Frequent Pattern Mining – PrefixSpan

R/ml_fpm_prefixspan.R

ml_prefixspan

Description

PrefixSpan algorithm for mining frequent itemsets.

Usage

 
ml_prefixspan( 
  x, 
  seq_col = "sequence", 
  min_support = 0.1, 
  max_pattern_length = 10, 
  max_local_proj_db_size = 3.2e+07, 
  uid = random_string("prefixspan_"), 
  ... 
) 
 
ml_freq_seq_patterns(model) 

Arguments

Arguments Description
x A spark_connection, ml_pipeline, or a tbl_spark.
seq_col The name of the sequence column in dataset (default “sequence”). Rows with nulls in this column are ignored.
min_support The minimum support required to be considered a frequent sequential pattern.
max_pattern_length The maximum length of a frequent sequential pattern. Any frequent pattern exceeding this length will not be included in the results.
max_local_proj_db_size The maximum number of items allowed in a prefix-projected database before local iterative processing of the projected database begins.
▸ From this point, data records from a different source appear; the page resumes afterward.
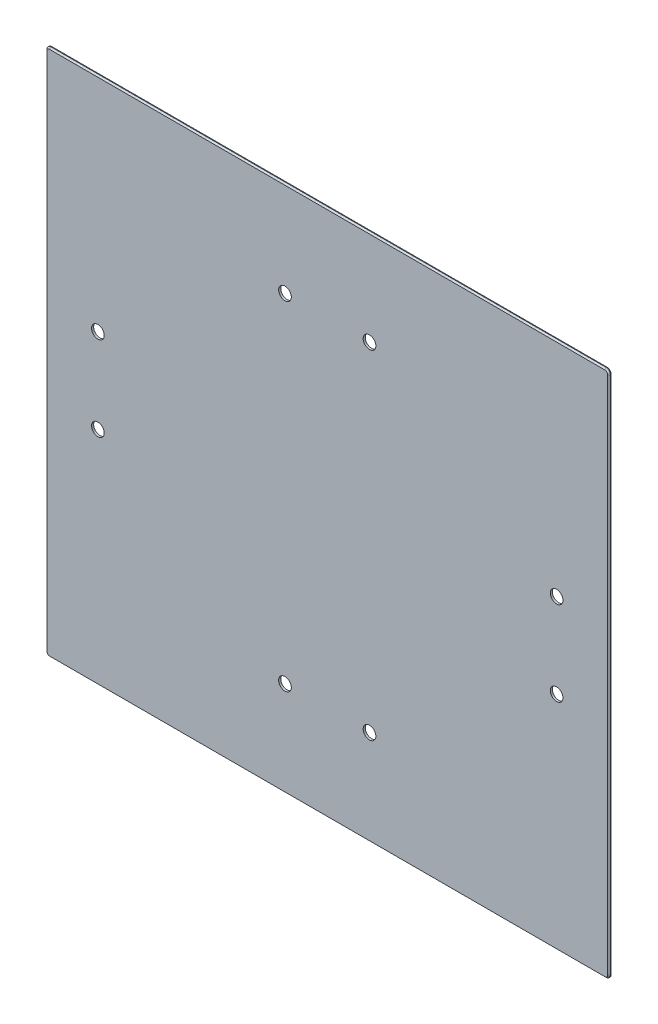
ISO-10303-21;
HEADER;
FILE_DESCRIPTION(('STEP AP214'),'2;1');
FILE_NAME('part.step','',(''),(''),'','','');
FILE_SCHEMA(('AUTOMOTIVE_DESIGN { 1 0 10303 214 1 1 1 1 }'));
ENDSEC;
DATA;
#1=APPLICATION_CONTEXT('core data for automotive mechanical design processes');
#2=APPLICATION_PROTOCOL_DEFINITION('international standard','automotive_design',2000,#1);
#3=PRODUCT_CONTEXT('',#1,'mechanical');
#4=PRODUCT('Part','Part','',(#3));
#5=PRODUCT_RELATED_PRODUCT_CATEGORY('part','',(#4));
#6=PRODUCT_DEFINITION_FORMATION('','',#4);
#7=PRODUCT_DEFINITION_CONTEXT('part definition',#1,'design');
#8=PRODUCT_DEFINITION('design','',#6,#7);
#9=PRODUCT_DEFINITION_SHAPE('','',#8);
#10=(LENGTH_UNIT() NAMED_UNIT(*) SI_UNIT(.MILLI.,.METRE.));
#11=(NAMED_UNIT(*) PLANE_ANGLE_UNIT() SI_UNIT($,.RADIAN.));
#12=(NAMED_UNIT(*) SI_UNIT($,.STERADIAN.) SOLID_ANGLE_UNIT());
#13=UNCERTAINTY_MEASURE_WITH_UNIT(LENGTH_MEASURE(1.E-05),#10,'distance_accuracy_value','');
#14=(GEOMETRIC_REPRESENTATION_CONTEXT(3) GLOBAL_UNCERTAINTY_ASSIGNED_CONTEXT((#13)) GLOBAL_UNIT_ASSIGNED_CONTEXT((#10,
#11,#12)) REPRESENTATION_CONTEXT('',''));
#15=CARTESIAN_POINT('',(0.,0.,0.));
#16=DIRECTION('',(0.,0.,1.));
#17=DIRECTION('',(1.,0.,0.));
#18=AXIS2_PLACEMENT_3D('',#15,#16,#17);
#19=CARTESIAN_POINT('',(200.,-187.5,1.5));
#20=DIRECTION('',(-1.,0.,0.));
#21=DIRECTION('',(0.,0.,1.));
#22=AXIS2_PLACEMENT_3D('',#19,#20,#21);
#23=PLANE('',#22);
#24=DIRECTION('',(0.,0.,-1.));
#25=VECTOR('',#24,1.);
#26=CARTESIAN_POINT('',(200.,184.5,1.5));
#27=LINE('',#26,#25);
#28=CARTESIAN_POINT('',(200.,184.5,0.));
#29=VERTEX_POINT('',#28);
#30=CARTESIAN_POINT('',(200.,184.5,0.500000000000055));
#31=VERTEX_POINT('',#30);
#32=EDGE_CURVE('E156',#29,#31,#27,.F.);
#33=ORIENTED_EDGE('',*,*,#32,.T.);
#34=DIRECTION('',(0.,-1.,0.));
#35=VECTOR('',#34,1.);
#36=CARTESIAN_POINT('',(200.,-187.5,0.500000000000055));
#37=LINE('',#36,#35);
#38=CARTESIAN_POINT('',(200.,-184.5,0.500000000000055));
#39=VERTEX_POINT('',#38);
#40=EDGE_CURVE('E190',#31,#39,#37,.T.);
#41=ORIENTED_EDGE('',*,*,#40,.T.);
#42=DIRECTION('',(0.,0.,-1.));
#43=VECTOR('',#42,1.);
#44=CARTESIAN_POINT('',(200.,-184.5,1.5));
#45=LINE('',#44,#43);
#46=CARTESIAN_POINT('',(200.,-184.5,0.));
#47=VERTEX_POINT('',#46);
#48=EDGE_CURVE('E159',#39,#47,#45,.T.);
#49=ORIENTED_EDGE('',*,*,#48,.T.);
#50=DIRECTION('',(0.,1.,0.));
#51=VECTOR('',#50,1.);
#52=CARTESIAN_POINT('',(200.,-187.5,0.));
#53=LINE('',#52,#51);
#54=EDGE_CURVE('E219',#47,#29,#53,.T.);
#55=ORIENTED_EDGE('',*,*,#54,.T.);
#56=EDGE_LOOP('',(#33,#41,#49,#55));
#57=FACE_BOUND('',#56,.T.);
#58=ADVANCED_FACE('F32',(#57),#23,.F.);
#59=CARTESIAN_POINT('',(-200.,187.5,1.5));
#60=DIRECTION('',(0.,-1.,0.));
#61=DIRECTION('',(0.,0.,-1.));
#62=AXIS2_PLACEMENT_3D('',#59,#60,#61);
#63=PLANE('',#62);
#64=DIRECTION('',(0.,0.,-1.));
#65=VECTOR('',#64,1.);
#66=CARTESIAN_POINT('',(-197.,187.5,1.5));
#67=LINE('',#66,#65);
#68=CARTESIAN_POINT('',(-197.,187.5,0.));
#69=VERTEX_POINT('',#68);
#70=CARTESIAN_POINT('',(-197.,187.5,0.500000000000055));
#71=VERTEX_POINT('',#70);
#72=EDGE_CURVE('E161',#69,#71,#67,.F.);
#73=ORIENTED_EDGE('',*,*,#72,.T.);
#74=DIRECTION('',(1.,0.,0.));
#75=VECTOR('',#74,1.);
#76=CARTESIAN_POINT('',(-200.,187.5,0.500000000000055));
#77=LINE('',#76,#75);
#78=CARTESIAN_POINT('',(197.,187.5,0.500000000000055));
#79=VERTEX_POINT('',#78);
#80=EDGE_CURVE('E186',#71,#79,#77,.T.);
#81=ORIENTED_EDGE('',*,*,#80,.T.);
#82=DIRECTION('',(0.,0.,-1.));
#83=VECTOR('',#82,1.);
#84=CARTESIAN_POINT('',(197.,187.5,1.5));
#85=LINE('',#84,#83);
#86=CARTESIAN_POINT('',(197.,187.5,0.));
#87=VERTEX_POINT('',#86);
#88=EDGE_CURVE('E164',#79,#87,#85,.T.);
#89=ORIENTED_EDGE('',*,*,#88,.T.);
#90=DIRECTION('',(-1.,0.,0.));
#91=VECTOR('',#90,1.);
#92=CARTESIAN_POINT('',(-200.,187.5,0.));
#93=LINE('',#92,#91);
#94=EDGE_CURVE('E146',#87,#69,#93,.T.);
#95=ORIENTED_EDGE('',*,*,#94,.T.);
#96=EDGE_LOOP('',(#73,#81,#89,#95));
#97=FACE_BOUND('',#96,.T.);
#98=ADVANCED_FACE('F272',(#97),#63,.F.);
#99=CARTESIAN_POINT('',(-200.,-187.5,1.5));
#100=DIRECTION('',(1.,0.,0.));
#101=DIRECTION('',(0.,0.,-1.));
#102=AXIS2_PLACEMENT_3D('',#99,#100,#101);
#103=PLANE('',#102);
#104=DIRECTION('',(0.,0.,-1.));
#105=VECTOR('',#104,1.);
#106=CARTESIAN_POINT('',(-200.,-184.5,1.5));
#107=LINE('',#106,#105);
#108=CARTESIAN_POINT('',(-200.,-184.5,0.));
#109=VERTEX_POINT('',#108);
#110=CARTESIAN_POINT('',(-200.,-184.5,0.500000000000055));
#111=VERTEX_POINT('',#110);
#112=EDGE_CURVE('E133',#109,#111,#107,.F.);
#113=ORIENTED_EDGE('',*,*,#112,.T.);
#114=DIRECTION('',(0.,1.,0.));
#115=VECTOR('',#114,1.);
#116=CARTESIAN_POINT('',(-200.,-187.5,0.500000000000055));
#117=LINE('',#116,#115);
#118=CARTESIAN_POINT('',(-200.,184.5,0.500000000000055));
#119=VERTEX_POINT('',#118);
#120=EDGE_CURVE('E11',#111,#119,#117,.T.);
#121=ORIENTED_EDGE('',*,*,#120,.T.);
#122=DIRECTION('',(0.,0.,-1.));
#123=VECTOR('',#122,1.);
#124=CARTESIAN_POINT('',(-200.,184.5,1.5));
#125=LINE('',#124,#123);
#126=CARTESIAN_POINT('',(-200.,184.5,0.));
#127=VERTEX_POINT('',#126);
#128=EDGE_CURVE('E137',#119,#127,#125,.T.);
#129=ORIENTED_EDGE('',*,*,#128,.T.);
#130=DIRECTION('',(0.,-1.,0.));
#131=VECTOR('',#130,1.);
#132=CARTESIAN_POINT('',(-200.,-187.5,0.));
#133=LINE('',#132,#131);
#134=EDGE_CURVE('E143',#127,#109,#133,.T.);
#135=ORIENTED_EDGE('',*,*,#134,.T.);
#136=EDGE_LOOP('',(#113,#121,#129,#135));
#137=FACE_BOUND('',#136,.T.);
#138=ADVANCED_FACE('F337',(#137),#103,.F.);
#139=CARTESIAN_POINT('',(-200.,-187.5,1.5));
#140=DIRECTION('',(0.,1.,0.));
#141=DIRECTION('',(0.,0.,1.));
#142=AXIS2_PLACEMENT_3D('',#139,#140,#141);
#143=PLANE('',#142);
#144=DIRECTION('',(0.,0.,-1.));
#145=VECTOR('',#144,1.);
#146=CARTESIAN_POINT('',(197.,-187.5,1.5));
#147=LINE('',#146,#145);
#148=CARTESIAN_POINT('',(197.,-187.5,0.));
#149=VERTEX_POINT('',#148);
#150=CARTESIAN_POINT('',(197.,-187.5,0.500000000000055));
#151=VERTEX_POINT('',#150);
#152=EDGE_CURVE('E129',#149,#151,#147,.F.);
#153=ORIENTED_EDGE('',*,*,#152,.T.);
#154=DIRECTION('',(-1.,0.,0.));
#155=VECTOR('',#154,1.);
#156=CARTESIAN_POINT('',(-200.,-187.5,0.500000000000055));
#157=LINE('',#156,#155);
#158=CARTESIAN_POINT('',(-197.,-187.5,0.500000000000055));
#159=VERTEX_POINT('',#158);
#160=EDGE_CURVE('E56',#151,#159,#157,.T.);
#161=ORIENTED_EDGE('',*,*,#160,.T.);
#162=DIRECTION('',(0.,0.,-1.));
#163=VECTOR('',#162,1.);
#164=CARTESIAN_POINT('',(-197.,-187.5,1.5));
#165=LINE('',#164,#163);
#166=CARTESIAN_POINT('',(-197.,-187.5,0.));
#167=VERTEX_POINT('',#166);
#168=EDGE_CURVE('E121',#159,#167,#165,.T.);
#169=ORIENTED_EDGE('',*,*,#168,.T.);
#170=DIRECTION('',(1.,0.,0.));
#171=VECTOR('',#170,1.);
#172=CARTESIAN_POINT('',(-200.,-187.5,0.));
#173=LINE('',#172,#171);
#174=EDGE_CURVE('E125',#167,#149,#173,.T.);
#175=ORIENTED_EDGE('',*,*,#174,.T.);
#176=EDGE_LOOP('',(#153,#161,#169,#175));
#177=FACE_BOUND('',#176,.T.);
#178=ADVANCED_FACE('F123',(#177),#143,.F.);
#179=CARTESIAN_POINT('',(0.,0.,1.5));
#180=DIRECTION('',(0.,0.,-1.));
#181=DIRECTION('',(-1.,0.,0.));
#182=AXIS2_PLACEMENT_3D('',#179,#180,#181);
#183=PLANE('',#182);
#184=CARTESIAN_POINT('',(30.,120.,1.5));
#185=DIRECTION('',(0.,0.,1.));
#186=DIRECTION('',(1.,0.,0.));
#187=AXIS2_PLACEMENT_3D('',#184,#185,#186);
#188=CIRCLE('',#187,4.49999999999242);
#189=CARTESIAN_POINT('',(34.4999999999924,120.,1.5));
#190=VERTEX_POINT('',#189);
#191=EDGE_CURVE('E254',#190,#190,#188,.T.);
#192=ORIENTED_EDGE('',*,*,#191,.F.);
#193=EDGE_LOOP('',(#192));
#194=FACE_BOUND('',#193,.T.);
#195=CARTESIAN_POINT('',(162.800000000023,30.,1.5));
#196=DIRECTION('',(0.,0.,1.));
#197=DIRECTION('',(1.,0.,0.));
#198=AXIS2_PLACEMENT_3D('',#195,#196,#197);
#199=CIRCLE('',#198,4.49999999999999);
#200=CARTESIAN_POINT('',(167.300000000023,30.,1.5));
#201=VERTEX_POINT('',#200);
#202=EDGE_CURVE('E244',#201,#201,#199,.T.);
#203=ORIENTED_EDGE('',*,*,#202,.F.);
#204=EDGE_LOOP('',(#203));
#205=FACE_BOUND('',#204,.T.);
#206=CARTESIAN_POINT('',(162.800000000014,-30.,1.5));
#207=DIRECTION('',(0.,0.,1.));
#208=DIRECTION('',(1.,0.,0.));
#209=AXIS2_PLACEMENT_3D('',#206,#207,#208);
#210=CIRCLE('',#209,4.49999999999999);
#211=CARTESIAN_POINT('',(167.300000000014,-30.,1.5));
#212=VERTEX_POINT('',#211);
#213=EDGE_CURVE('E241',#212,#212,#210,.T.);
#214=ORIENTED_EDGE('',*,*,#213,.F.);
#215=EDGE_LOOP('',(#214));
#216=FACE_BOUND('',#215,.T.);
#217=CARTESIAN_POINT('',(30.,-120.,1.5));
#218=DIRECTION('',(0.,0.,1.));
#219=DIRECTION('',(1.,0.,0.));
#220=AXIS2_PLACEMENT_3D('',#217,#218,#219);
#221=CIRCLE('',#220,4.50000000000001);
#222=CARTESIAN_POINT('',(34.5,-120.,1.5));
#223=VERTEX_POINT('',#222);
#224=EDGE_CURVE('E238',#223,#223,#221,.T.);
#225=ORIENTED_EDGE('',*,*,#224,.F.);
#226=EDGE_LOOP('',(#225));
#227=FACE_BOUND('',#226,.T.);
#228=CARTESIAN_POINT('',(-29.9999999999999,-120.,1.5));
#229=DIRECTION('',(0.,0.,1.));
#230=DIRECTION('',(1.,0.,0.));
#231=AXIS2_PLACEMENT_3D('',#228,#229,#230);
#232=CIRCLE('',#231,4.49999999999237);
#233=CARTESIAN_POINT('',(-25.5000000000076,-120.,1.5));
#234=VERTEX_POINT('',#233);
#235=EDGE_CURVE('E234',#234,#234,#232,.T.);
#236=ORIENTED_EDGE('',*,*,#235,.F.);
#237=EDGE_LOOP('',(#236));
#238=FACE_BOUND('',#237,.T.);
#239=CARTESIAN_POINT('',(-162.799999999996,-30.,1.5));
#240=DIRECTION('',(0.,0.,1.));
#241=DIRECTION('',(1.,0.,0.));
#242=AXIS2_PLACEMENT_3D('',#239,#240,#241);
#243=CIRCLE('',#242,4.49999999999517);
#244=CARTESIAN_POINT('',(-158.3,-30.,1.5));
#245=VERTEX_POINT('',#244);
#246=EDGE_CURVE('E230',#245,#245,#243,.T.);
#247=ORIENTED_EDGE('',*,*,#246,.F.);
#248=EDGE_LOOP('',(#247));
#249=FACE_BOUND('',#248,.T.);
#250=CARTESIAN_POINT('',(-162.799999999996,30.,1.5));
#251=DIRECTION('',(0.,0.,1.));
#252=DIRECTION('',(1.,0.,0.));
#253=AXIS2_PLACEMENT_3D('',#250,#251,#252);
#254=CIRCLE('',#253,4.49999999999999);
#255=CARTESIAN_POINT('',(-158.299999999996,30.,1.5));
#256=VERTEX_POINT('',#255);
#257=EDGE_CURVE('E226',#256,#256,#254,.T.);
#258=ORIENTED_EDGE('',*,*,#257,.F.);
#259=EDGE_LOOP('',(#258));
#260=FACE_BOUND('',#259,.T.);
#261=CARTESIAN_POINT('',(-30.,120.,1.5));
#262=DIRECTION('',(0.,0.,1.));
#263=DIRECTION('',(1.,0.,0.));
#264=AXIS2_PLACEMENT_3D('',#261,#262,#263);
#265=CIRCLE('',#264,4.49999999999237);
#266=CARTESIAN_POINT('',(-25.5000000000076,120.,1.5));
#267=VERTEX_POINT('',#266);
#268=EDGE_CURVE('E222',#267,#267,#265,.T.);
#269=ORIENTED_EDGE('',*,*,#268,.F.);
#270=EDGE_LOOP('',(#269));
#271=FACE_BOUND('',#270,.T.);
#272=DIRECTION('',(-1.,0.,0.));
#273=VECTOR('',#272,1.);
#274=CARTESIAN_POINT('',(0.,186.5,1.5));
#275=LINE('',#274,#273);
#276=CARTESIAN_POINT('',(197.,186.5,1.5));
#277=VERTEX_POINT('',#276);
#278=CARTESIAN_POINT('',(-197.,186.5,1.5));
#279=VERTEX_POINT('',#278);
#280=EDGE_CURVE('E178',#277,#279,#275,.T.);
#281=ORIENTED_EDGE('',*,*,#280,.T.);
#282=CARTESIAN_POINT('',(-197.,184.5,1.5));
#283=DIRECTION('',(0.,0.,-1.));
#284=DIRECTION('',(-1.,0.,0.));
#285=AXIS2_PLACEMENT_3D('',#282,#283,#284);
#286=CIRCLE('',#285,2.);
#287=CARTESIAN_POINT('',(-199.,184.5,1.5));
#288=VERTEX_POINT('',#287);
#289=EDGE_CURVE('E180',#279,#288,#286,.F.);
#290=ORIENTED_EDGE('',*,*,#289,.T.);
#291=DIRECTION('',(0.,-1.,0.));
#292=VECTOR('',#291,1.);
#293=CARTESIAN_POINT('',(-199.,0.,1.5));
#294=LINE('',#293,#292);
#295=CARTESIAN_POINT('',(-199.,-184.5,1.5));
#296=VERTEX_POINT('',#295);
#297=EDGE_CURVE('E166',#288,#296,#294,.T.);
#298=ORIENTED_EDGE('',*,*,#297,.T.);
#299=CARTESIAN_POINT('',(-197.,-184.5,1.5));
#300=DIRECTION('',(0.,0.,-1.));
#301=DIRECTION('',(-1.,0.,0.));
#302=AXIS2_PLACEMENT_3D('',#299,#300,#301);
#303=CIRCLE('',#302,2.);
#304=CARTESIAN_POINT('',(-197.,-186.5,1.5));
#305=VERTEX_POINT('',#304);
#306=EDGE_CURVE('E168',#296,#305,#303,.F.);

This parameter should be tuned with respect to the size of your executors.
uid A character string used to uniquely identify the ML estimator.
Optional arguments; currently unused.
model A Prefix Span model.

Examples

 
library(sparklyr) 
sc <- spark_connect(master = "local", version = "2.4.0") 
 
items_df <- tibble::tibble( 
  seq = list( 
    list(list(1, 2), list(3)), 
    list(list(1), list(3, 2), list(1, 2)), 
    list(list(1, 2), list(5)), 
    list(list(6)) 
  ) 
) 
items_sdf <- copy_to(sc, items_df, overwrite = TRUE) 
 
prefix_span_model <- ml_prefixspan( 
  sc, 
  seq_col = "seq", 
  min_support = 0.5, 
  max_pattern_length = 5, 
  max_local_proj_db_size = 32000000 
) 
 
frequent_items <- prefix_span_model$frequent_sequential_patterns(items_sdf) %>% collect()